Entries taken from a collection:
____
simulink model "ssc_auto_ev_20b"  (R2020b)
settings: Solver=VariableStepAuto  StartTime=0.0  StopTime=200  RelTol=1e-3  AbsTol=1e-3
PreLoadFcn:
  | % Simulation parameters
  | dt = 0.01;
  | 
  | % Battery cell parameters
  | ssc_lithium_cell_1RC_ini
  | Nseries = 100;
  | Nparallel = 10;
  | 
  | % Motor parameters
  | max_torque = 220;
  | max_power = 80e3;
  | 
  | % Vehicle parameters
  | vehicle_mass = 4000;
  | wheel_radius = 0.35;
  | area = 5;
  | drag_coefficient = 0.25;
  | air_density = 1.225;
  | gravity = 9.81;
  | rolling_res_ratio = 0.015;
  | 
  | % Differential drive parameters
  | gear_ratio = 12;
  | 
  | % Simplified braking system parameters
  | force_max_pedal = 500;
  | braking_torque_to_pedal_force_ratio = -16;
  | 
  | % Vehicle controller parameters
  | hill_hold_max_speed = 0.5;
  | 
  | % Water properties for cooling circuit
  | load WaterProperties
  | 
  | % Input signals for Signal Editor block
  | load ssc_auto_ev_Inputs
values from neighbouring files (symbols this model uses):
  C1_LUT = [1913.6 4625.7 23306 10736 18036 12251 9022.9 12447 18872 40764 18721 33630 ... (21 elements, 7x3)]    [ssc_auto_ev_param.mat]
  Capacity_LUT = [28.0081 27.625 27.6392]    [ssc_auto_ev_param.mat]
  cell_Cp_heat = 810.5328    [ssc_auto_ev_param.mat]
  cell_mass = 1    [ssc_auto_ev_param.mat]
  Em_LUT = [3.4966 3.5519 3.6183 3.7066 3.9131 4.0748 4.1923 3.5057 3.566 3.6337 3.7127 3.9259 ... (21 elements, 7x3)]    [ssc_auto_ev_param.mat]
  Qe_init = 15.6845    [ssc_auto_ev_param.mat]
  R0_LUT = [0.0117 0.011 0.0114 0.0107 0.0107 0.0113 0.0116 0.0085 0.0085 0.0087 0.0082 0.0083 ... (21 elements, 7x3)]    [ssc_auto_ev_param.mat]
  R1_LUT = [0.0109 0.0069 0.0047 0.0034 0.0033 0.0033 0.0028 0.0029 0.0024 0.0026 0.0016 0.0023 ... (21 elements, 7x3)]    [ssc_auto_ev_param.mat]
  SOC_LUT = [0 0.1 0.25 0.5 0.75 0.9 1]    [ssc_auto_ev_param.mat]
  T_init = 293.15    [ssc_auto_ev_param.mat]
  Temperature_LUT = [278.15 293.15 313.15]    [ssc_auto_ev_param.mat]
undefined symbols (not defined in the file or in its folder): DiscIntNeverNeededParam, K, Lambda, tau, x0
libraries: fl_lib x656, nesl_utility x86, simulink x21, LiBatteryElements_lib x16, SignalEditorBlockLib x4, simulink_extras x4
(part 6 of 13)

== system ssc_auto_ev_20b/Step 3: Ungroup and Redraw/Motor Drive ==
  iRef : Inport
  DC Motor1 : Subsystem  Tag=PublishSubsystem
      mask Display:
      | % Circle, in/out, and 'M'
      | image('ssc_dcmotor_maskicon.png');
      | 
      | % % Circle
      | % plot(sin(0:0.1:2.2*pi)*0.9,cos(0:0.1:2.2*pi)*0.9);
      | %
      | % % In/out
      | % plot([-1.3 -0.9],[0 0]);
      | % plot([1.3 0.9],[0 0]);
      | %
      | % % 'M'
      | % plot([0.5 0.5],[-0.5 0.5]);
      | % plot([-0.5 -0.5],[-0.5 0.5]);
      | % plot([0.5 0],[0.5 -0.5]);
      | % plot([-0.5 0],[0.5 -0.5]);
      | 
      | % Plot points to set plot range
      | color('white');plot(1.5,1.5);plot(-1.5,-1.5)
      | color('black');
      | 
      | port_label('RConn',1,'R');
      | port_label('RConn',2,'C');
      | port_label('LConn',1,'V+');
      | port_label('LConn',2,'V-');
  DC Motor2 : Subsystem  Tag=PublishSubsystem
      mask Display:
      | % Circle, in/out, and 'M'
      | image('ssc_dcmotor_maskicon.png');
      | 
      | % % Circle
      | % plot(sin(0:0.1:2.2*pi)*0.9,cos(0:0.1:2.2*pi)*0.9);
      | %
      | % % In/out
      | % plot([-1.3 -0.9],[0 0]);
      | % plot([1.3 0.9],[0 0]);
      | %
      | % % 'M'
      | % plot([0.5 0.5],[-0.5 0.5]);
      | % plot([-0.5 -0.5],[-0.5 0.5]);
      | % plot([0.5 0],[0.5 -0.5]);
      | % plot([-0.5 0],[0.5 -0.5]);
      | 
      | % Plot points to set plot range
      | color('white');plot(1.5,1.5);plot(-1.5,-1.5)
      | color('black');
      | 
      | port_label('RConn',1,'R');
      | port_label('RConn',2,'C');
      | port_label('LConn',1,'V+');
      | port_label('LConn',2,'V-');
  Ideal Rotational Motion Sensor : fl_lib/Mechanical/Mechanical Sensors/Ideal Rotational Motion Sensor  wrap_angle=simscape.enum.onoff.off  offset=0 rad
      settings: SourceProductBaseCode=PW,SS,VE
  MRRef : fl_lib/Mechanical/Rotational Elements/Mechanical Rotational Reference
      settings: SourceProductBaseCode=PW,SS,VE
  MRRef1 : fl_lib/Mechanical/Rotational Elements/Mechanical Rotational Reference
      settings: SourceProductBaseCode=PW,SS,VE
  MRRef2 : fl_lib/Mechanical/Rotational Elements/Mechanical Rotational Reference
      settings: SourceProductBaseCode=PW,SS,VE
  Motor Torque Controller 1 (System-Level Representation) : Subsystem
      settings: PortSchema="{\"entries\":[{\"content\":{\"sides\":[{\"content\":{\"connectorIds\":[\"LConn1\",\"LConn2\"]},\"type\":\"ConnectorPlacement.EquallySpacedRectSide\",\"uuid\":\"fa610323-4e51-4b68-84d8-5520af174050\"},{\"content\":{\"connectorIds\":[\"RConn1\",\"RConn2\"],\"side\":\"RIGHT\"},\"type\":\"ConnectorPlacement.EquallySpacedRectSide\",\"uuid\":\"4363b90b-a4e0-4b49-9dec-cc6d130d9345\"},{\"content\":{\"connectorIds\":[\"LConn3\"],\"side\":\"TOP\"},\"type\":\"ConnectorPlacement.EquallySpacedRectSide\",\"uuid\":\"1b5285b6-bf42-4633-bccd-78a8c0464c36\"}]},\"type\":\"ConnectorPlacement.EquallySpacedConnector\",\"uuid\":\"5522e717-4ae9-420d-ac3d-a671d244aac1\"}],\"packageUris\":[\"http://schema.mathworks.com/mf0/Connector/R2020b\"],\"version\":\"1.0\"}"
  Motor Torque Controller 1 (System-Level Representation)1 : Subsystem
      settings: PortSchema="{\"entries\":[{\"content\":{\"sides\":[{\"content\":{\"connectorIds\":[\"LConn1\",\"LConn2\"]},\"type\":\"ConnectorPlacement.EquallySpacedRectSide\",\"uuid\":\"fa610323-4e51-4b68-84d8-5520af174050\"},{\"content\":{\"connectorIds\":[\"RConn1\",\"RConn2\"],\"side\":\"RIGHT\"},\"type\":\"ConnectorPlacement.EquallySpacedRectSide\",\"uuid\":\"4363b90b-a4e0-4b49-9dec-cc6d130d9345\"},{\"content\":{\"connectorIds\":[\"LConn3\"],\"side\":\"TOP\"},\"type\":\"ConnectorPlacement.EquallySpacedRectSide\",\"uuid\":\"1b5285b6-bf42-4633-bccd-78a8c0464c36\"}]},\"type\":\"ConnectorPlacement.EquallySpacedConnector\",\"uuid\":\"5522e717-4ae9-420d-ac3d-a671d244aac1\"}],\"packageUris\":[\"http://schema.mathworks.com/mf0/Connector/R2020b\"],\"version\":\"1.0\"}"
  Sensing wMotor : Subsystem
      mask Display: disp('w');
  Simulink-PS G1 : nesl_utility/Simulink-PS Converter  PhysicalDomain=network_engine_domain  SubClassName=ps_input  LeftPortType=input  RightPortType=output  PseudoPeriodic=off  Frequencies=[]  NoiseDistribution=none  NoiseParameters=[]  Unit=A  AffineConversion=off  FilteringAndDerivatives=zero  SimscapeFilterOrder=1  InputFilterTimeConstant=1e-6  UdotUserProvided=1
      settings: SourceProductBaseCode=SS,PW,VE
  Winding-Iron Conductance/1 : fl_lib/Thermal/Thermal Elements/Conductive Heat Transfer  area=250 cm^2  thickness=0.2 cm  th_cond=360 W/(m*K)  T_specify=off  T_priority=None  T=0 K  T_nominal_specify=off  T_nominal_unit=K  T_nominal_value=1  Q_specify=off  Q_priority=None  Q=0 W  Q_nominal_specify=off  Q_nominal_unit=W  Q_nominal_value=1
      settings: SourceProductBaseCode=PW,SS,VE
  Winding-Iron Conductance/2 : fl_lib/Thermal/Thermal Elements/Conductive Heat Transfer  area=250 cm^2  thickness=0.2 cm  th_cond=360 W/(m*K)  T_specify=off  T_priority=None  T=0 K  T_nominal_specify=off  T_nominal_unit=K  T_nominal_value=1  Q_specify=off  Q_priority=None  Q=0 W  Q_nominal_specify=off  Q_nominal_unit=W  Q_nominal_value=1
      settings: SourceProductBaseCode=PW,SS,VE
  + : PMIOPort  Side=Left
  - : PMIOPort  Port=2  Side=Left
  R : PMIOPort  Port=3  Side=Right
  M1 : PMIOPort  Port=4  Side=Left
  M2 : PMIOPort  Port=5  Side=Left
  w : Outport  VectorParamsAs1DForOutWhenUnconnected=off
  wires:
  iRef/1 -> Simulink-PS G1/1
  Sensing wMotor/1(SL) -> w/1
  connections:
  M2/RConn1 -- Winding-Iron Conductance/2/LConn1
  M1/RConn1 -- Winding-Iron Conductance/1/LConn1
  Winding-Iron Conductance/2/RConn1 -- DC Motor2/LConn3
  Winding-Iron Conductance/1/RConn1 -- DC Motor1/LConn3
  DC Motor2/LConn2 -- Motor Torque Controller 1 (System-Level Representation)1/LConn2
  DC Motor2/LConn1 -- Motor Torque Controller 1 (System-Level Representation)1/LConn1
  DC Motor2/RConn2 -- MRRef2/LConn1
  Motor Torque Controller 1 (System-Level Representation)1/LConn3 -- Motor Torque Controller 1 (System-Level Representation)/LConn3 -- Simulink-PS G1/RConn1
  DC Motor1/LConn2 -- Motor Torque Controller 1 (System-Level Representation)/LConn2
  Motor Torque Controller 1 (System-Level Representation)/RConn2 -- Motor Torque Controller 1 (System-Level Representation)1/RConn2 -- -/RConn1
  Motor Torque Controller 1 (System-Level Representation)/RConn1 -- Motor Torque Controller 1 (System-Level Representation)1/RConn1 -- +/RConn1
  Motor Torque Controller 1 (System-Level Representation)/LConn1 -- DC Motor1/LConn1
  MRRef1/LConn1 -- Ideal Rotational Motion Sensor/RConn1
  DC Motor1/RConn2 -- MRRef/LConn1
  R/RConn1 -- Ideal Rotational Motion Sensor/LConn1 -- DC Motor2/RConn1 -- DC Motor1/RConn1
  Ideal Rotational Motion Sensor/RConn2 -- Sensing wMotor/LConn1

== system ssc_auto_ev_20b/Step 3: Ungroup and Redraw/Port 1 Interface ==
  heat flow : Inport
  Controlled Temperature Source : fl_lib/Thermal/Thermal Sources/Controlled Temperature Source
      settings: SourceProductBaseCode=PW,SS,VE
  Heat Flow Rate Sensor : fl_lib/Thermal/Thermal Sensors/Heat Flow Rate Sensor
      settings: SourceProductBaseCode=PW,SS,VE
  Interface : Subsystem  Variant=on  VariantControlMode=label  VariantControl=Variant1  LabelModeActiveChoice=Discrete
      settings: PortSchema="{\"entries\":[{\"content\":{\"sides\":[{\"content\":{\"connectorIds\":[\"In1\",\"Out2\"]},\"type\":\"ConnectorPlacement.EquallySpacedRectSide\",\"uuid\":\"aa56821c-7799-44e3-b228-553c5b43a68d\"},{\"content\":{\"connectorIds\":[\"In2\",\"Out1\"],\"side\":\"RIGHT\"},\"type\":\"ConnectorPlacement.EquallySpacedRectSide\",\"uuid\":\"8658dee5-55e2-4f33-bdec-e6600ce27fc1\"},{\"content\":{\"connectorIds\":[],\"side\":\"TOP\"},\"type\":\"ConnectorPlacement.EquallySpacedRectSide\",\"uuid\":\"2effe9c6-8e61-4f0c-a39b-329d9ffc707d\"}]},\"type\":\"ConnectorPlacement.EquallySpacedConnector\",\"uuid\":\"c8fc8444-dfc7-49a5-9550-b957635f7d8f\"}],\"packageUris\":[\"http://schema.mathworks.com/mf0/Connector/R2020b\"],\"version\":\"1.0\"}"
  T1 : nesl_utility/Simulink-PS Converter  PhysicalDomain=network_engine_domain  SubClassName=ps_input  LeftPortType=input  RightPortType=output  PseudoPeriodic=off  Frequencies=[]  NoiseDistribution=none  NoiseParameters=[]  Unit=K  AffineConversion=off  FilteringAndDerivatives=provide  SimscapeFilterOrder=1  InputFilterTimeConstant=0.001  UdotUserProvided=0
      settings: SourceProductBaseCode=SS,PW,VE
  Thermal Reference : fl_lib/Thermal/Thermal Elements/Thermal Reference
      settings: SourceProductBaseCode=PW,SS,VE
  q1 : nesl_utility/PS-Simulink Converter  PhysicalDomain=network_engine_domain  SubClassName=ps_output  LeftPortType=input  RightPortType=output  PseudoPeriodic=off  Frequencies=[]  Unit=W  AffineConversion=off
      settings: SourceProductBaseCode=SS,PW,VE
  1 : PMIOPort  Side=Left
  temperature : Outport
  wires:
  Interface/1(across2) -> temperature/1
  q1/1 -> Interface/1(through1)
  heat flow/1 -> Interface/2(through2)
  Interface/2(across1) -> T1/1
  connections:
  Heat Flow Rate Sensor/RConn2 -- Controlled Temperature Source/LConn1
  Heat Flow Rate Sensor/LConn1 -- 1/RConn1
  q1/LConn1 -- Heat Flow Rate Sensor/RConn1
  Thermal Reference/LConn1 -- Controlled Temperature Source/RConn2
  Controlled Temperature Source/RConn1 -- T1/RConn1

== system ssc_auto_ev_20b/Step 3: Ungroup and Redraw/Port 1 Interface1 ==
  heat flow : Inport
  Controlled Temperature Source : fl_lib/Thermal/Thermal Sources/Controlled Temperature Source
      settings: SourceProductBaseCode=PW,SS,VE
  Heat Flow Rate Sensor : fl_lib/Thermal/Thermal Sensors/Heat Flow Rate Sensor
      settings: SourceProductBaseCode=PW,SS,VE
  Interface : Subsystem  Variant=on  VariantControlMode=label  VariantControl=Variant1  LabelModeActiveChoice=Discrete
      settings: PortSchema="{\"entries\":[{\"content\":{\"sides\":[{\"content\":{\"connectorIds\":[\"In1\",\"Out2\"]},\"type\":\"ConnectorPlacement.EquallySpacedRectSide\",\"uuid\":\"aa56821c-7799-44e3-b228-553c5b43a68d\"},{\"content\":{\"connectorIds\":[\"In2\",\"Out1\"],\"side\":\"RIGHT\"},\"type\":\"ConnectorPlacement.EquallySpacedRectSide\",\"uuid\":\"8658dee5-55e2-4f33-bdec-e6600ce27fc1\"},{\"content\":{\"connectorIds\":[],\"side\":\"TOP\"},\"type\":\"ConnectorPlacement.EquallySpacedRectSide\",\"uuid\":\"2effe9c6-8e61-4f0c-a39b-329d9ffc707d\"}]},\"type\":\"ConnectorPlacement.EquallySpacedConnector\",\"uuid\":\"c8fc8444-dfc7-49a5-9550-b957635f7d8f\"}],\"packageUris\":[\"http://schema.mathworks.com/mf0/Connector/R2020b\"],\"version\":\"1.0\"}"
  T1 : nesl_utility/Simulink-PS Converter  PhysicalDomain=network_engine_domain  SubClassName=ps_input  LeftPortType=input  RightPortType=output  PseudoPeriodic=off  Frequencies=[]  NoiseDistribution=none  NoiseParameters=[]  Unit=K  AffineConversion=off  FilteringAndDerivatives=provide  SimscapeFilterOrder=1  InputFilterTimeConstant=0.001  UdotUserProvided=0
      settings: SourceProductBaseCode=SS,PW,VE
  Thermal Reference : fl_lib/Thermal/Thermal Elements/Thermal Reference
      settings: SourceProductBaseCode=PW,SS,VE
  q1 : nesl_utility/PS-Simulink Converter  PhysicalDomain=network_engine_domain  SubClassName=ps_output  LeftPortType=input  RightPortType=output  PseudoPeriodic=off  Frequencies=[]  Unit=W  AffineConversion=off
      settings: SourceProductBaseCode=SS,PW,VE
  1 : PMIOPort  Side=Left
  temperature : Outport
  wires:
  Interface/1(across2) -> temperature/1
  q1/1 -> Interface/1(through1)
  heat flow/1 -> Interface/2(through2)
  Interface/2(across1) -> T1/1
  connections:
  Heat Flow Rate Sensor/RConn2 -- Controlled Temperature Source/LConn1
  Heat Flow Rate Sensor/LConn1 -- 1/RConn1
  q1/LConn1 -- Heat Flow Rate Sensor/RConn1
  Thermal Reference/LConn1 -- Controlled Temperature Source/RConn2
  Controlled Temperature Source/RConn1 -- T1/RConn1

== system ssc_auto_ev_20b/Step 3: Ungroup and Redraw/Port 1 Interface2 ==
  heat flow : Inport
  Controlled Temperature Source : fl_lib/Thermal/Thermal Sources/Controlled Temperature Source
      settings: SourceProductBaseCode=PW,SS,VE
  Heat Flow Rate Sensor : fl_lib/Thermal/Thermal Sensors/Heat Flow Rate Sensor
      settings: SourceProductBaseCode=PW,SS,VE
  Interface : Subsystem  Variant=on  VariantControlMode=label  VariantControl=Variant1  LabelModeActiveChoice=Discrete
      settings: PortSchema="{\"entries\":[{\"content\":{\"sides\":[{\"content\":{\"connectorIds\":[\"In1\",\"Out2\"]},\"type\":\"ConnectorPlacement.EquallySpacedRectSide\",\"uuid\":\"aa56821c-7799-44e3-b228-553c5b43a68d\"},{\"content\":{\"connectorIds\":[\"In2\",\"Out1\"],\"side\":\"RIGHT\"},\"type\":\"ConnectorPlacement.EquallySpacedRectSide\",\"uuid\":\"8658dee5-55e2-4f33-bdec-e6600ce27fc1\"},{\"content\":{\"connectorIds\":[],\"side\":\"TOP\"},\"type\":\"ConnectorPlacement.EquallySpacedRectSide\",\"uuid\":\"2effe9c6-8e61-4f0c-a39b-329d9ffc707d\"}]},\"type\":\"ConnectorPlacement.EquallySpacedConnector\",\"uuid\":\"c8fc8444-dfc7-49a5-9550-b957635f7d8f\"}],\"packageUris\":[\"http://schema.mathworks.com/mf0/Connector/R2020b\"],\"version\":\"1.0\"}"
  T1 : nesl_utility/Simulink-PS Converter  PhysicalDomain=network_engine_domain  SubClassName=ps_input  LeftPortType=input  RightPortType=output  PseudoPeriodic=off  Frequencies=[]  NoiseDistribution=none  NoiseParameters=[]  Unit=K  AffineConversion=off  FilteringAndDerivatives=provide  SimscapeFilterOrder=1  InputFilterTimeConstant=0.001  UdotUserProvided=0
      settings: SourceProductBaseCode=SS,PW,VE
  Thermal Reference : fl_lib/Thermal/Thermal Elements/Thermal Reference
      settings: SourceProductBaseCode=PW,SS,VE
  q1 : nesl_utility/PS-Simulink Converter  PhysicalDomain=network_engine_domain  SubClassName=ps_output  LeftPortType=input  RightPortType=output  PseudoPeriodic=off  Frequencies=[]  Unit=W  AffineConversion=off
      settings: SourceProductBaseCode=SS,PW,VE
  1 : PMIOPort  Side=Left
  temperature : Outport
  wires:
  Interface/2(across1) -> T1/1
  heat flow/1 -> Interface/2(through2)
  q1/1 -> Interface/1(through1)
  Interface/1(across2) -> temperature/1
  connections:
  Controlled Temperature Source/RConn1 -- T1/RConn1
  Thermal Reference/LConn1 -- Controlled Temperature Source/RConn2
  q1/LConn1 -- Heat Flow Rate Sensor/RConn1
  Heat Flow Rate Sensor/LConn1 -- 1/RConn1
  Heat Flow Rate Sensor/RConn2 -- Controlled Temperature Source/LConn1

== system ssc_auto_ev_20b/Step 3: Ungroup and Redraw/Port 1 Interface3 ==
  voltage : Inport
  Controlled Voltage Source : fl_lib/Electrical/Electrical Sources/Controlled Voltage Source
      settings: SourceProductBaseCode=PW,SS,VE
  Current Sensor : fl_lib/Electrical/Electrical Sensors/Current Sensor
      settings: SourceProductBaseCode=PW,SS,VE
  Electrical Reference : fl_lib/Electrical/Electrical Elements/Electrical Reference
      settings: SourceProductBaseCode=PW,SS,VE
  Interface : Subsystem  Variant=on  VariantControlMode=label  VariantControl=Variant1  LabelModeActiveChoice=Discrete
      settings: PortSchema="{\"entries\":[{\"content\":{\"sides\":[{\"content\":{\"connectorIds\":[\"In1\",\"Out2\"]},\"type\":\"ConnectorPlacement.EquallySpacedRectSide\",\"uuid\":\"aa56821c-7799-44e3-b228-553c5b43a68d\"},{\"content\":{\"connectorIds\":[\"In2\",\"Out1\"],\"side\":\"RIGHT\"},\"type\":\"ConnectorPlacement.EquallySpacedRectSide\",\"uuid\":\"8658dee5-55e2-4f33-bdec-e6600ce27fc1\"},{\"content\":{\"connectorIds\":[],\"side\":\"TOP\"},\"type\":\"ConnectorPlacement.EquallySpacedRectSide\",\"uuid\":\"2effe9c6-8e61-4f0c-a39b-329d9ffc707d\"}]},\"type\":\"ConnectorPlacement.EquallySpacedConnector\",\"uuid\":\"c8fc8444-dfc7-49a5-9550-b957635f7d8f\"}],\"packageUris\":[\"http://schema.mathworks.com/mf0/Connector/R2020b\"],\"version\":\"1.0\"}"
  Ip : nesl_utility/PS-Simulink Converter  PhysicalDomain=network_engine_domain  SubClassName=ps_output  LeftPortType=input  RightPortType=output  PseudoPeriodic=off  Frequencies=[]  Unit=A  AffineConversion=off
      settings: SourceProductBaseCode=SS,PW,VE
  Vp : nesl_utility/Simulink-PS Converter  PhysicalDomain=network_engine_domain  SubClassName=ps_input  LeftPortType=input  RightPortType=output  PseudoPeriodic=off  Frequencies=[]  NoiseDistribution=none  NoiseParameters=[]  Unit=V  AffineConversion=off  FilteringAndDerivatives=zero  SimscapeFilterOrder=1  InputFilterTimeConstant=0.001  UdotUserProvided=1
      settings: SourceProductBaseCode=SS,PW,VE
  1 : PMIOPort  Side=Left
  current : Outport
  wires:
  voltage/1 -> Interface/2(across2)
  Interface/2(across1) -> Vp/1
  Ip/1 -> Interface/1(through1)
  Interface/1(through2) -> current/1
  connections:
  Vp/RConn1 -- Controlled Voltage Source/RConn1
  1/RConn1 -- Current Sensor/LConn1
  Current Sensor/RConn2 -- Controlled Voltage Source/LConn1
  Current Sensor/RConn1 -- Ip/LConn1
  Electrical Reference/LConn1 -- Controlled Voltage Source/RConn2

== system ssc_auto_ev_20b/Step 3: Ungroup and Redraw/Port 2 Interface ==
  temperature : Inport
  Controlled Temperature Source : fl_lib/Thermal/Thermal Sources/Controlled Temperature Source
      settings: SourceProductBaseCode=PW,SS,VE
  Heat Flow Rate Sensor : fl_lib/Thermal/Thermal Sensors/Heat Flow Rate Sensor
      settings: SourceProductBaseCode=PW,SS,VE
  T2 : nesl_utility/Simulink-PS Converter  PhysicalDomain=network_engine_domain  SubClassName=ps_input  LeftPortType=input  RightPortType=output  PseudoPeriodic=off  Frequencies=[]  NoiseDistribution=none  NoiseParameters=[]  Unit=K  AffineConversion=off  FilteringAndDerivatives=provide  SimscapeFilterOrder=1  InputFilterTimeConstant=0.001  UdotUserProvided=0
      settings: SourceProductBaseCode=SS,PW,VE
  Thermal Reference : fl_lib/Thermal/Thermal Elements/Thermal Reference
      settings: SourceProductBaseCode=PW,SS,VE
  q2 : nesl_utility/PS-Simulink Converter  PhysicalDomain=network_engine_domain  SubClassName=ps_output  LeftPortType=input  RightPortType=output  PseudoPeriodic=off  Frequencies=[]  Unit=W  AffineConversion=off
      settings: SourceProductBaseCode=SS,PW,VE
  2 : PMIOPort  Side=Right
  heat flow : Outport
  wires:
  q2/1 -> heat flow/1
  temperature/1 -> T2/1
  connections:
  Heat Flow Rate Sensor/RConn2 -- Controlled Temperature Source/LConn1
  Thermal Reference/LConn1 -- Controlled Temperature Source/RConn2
____
From the line that has "M2 : PMIOPort" through the line that has "Ideal Rotational Motion Sensor/RConn2", copy every line exactly as it appears above, and leave out all others.

  M2 : PMIOPort  Port=5  Side=Left
  w : Outport  VectorParamsAs1DForOutWhenUnconnected=off
  wires:
  iRef/1 -> Simulink-PS G1/1
  Sensing wMotor/1(SL) -> w/1
  connections:
  M2/RConn1 -- Winding-Iron Conductance/2/LConn1
  M1/RConn1 -- Winding-Iron Conductance/1/LConn1
  Winding-Iron Conductance/2/RConn1 -- DC Motor2/LConn3
  Winding-Iron Conductance/1/RConn1 -- DC Motor1/LConn3
  DC Motor2/LConn2 -- Motor Torque Controller 1 (System-Level Representation)1/LConn2
  DC Motor2/LConn1 -- Motor Torque Controller 1 (System-Level Representation)1/LConn1
  DC Motor2/RConn2 -- MRRef2/LConn1
  Motor Torque Controller 1 (System-Level Representation)1/LConn3 -- Motor Torque Controller 1 (System-Level Representation)/LConn3 -- Simulink-PS G1/RConn1
  DC Motor1/LConn2 -- Motor Torque Controller 1 (System-Level Representation)/LConn2
  Motor Torque Controller 1 (System-Level Representation)/RConn2 -- Motor Torque Controller 1 (System-Level Representation)1/RConn2 -- -/RConn1
  Motor Torque Controller 1 (System-Level Representation)/RConn1 -- Motor Torque Controller 1 (System-Level Representation)1/RConn1 -- +/RConn1
  Motor Torque Controller 1 (System-Level Representation)/LConn1 -- DC Motor1/LConn1
  MRRef1/LConn1 -- Ideal Rotational Motion Sensor/RConn1
  DC Motor1/RConn2 -- MRRef/LConn1
  R/RConn1 -- Ideal Rotational Motion Sensor/LConn1 -- DC Motor2/RConn1 -- DC Motor1/RConn1
  Ideal Rotational Motion Sensor/RConn2 -- Sensing wMotor/LConn1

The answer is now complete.